Bis zu seiner Geschlechtsangleichung im Jahr 1989 lebte er als Jutta Schutting. Über seinen damaligen Verlag ließ er erklären, „er suche mit diesem Schritt ‚Übereinstimmung mit meinem lebenslangen Selbstgefühl‘.“[2] Seitdem lebt und publiziert Schutting unter seinem Namen Julian Schutting als freier Schriftsteller in Wien.[3]
Schuttings Werk umfasst Prosa, Lyrik und sprachphilosophische Abhandlungen. Ein Teilvorlass, bestehend aus Manuskripten, Arbeitsunterlagen und persönlichen Sammlungsstücken, wurde 2016 dem Archiv der Zeitgenossen in Krems übergeben.[4] Der Autor ist Mitglied der Grazer Autorenversammlung.
Auszeichnungen
- 1971: Österreichischer Förderungspreis für Literatur in der Sparte „Lyrik“
- 1973: Förderungspreis des Landes Niederösterreich
- 1974: Förderungspreis der Stadt Wien
- 1974: Kulturpreis der Stadt Amstetten
- 1981: Österreichischer Würdigungspreis für Literatur
- 1984: Anton-Wildgans-Preis
- 1988: Preis der Stadt Wien für Literatur
- 1989: Georg-Trakl-Preis für Lyrik
- 1997: Ehrenzeichen in Gold für Verdienste um das Land Wien
- 2013: Buchpreis der Salzburger Wirtschaft; Verleihung am 7. November 2013[5]
- 2015: Gert-Jonke-Preis[3]
- 2022: H. C. Artmann-Preis[6]
Werke (Auswahl)
Bis März 2015 veröffentlichte Schutting mehr als 40 Bücher (Der Standard[3]) nach anderer Quelle im Jahr Oktober 2007 seien es „seit seinem Debüt in den frühen 1970er Jahren“ (Radio Ö1 des ORF[2]) an die 50 Bücher gewesen.
1970er Jahre
- Baum in O. Prosatexte, Erzählungen. Europaverlag, Wien 1973, ISBN 3-203-50455-3.

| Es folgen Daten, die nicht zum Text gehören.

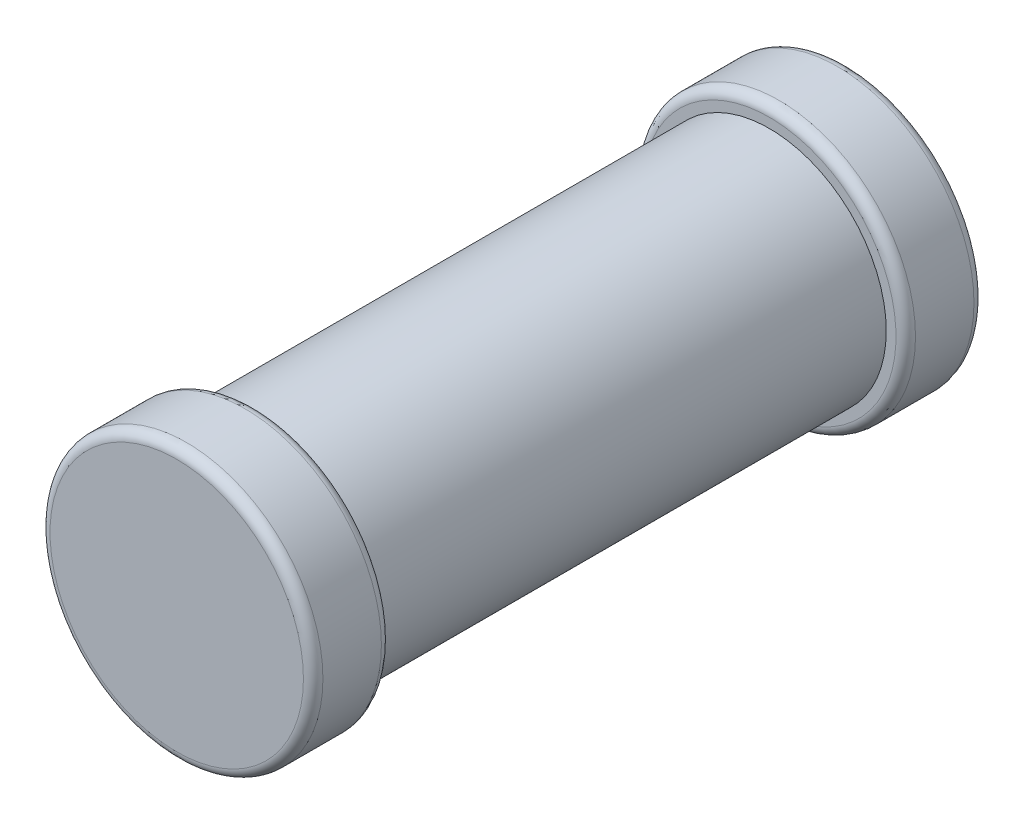
SolidWorks part; units mm, degrees
ref_plane "Plano frontal" through (0, 0, 0) normal (0, 0, 1) x (1, 0, 0)
ref_plane "Plano superior" through (0, 0, 0) normal (0, 1, 0) x (1, 0, 0)
ref_plane "Plano direito" through (0, 0, 0) normal (1, 0, 0) x (0, 0, -1)
sketch "Esboço1" plane through (0, 0, 0) normal (0, 0, 1) x (1, 0, 0)
  circle A0 centre (0, 0) radius 0.6
  dimension "D1" = 1.2
extrude "Extrusão1" add sketch "Esboço1" along normal blind 1.32 and the other way blind 1.32
sketch "Esboço2" plane through (0, 0, 1.32) normal (0, 0, 1) x (1, 0, 0)
  circle A0 centre (0, 0) radius 0.7
  dimension "D1" = 1.4
extrude "Extrusão2" add sketch "Esboço2" along normal blind 0.4
fillet "Filete1" radius 0.05 2 edges at (0.7, 0, 1.72) (0.7, 0, 1.32)
mirror "Espelhar1" about plane through (0, 0, 0) normal (0, 0, 1) of "Filete1", "Extrusão2"

- In der Sprache der Inseln. Gedichte. Mit einem Nachwort von Ernst Schönwiese. Otto Müller Verlag, Salzburg 1973, ISBN 3-7013-0481-5.
- Tauchübungen. Prosa. Residenz Verlag, Salzburg 1974, ISBN 3-7017-0094-X.
- Parkmord. Erzählungen. Residenz Verlag, Salzburg 1975, ISBN 3-7017-0124-5.
- Lichtungen. Gedichte. Otto Müller Verlag, Salzburg 1976, ISBN 3-7013-0533-1.
- Sistiana. Erzählungen. Residenz Verlag, Salzburg 1976, ISBN 3-7017-0165-2 (Ungekürzte Ausgabe. (= dtv. 6304 Neue Reihe.). Deutscher Taschenbuch-Verlag, München 1980, ISBN 3-423-06304-1).
- Steckenpferde. Rhombus, Wien 1977, ISBN 3-85394-004-8.
- Am Morgen vor der Reise. Die Geschichte zweier Kinder. Residenz Verlag, Salzburg 1978, ISBN 3-7017-0193-8.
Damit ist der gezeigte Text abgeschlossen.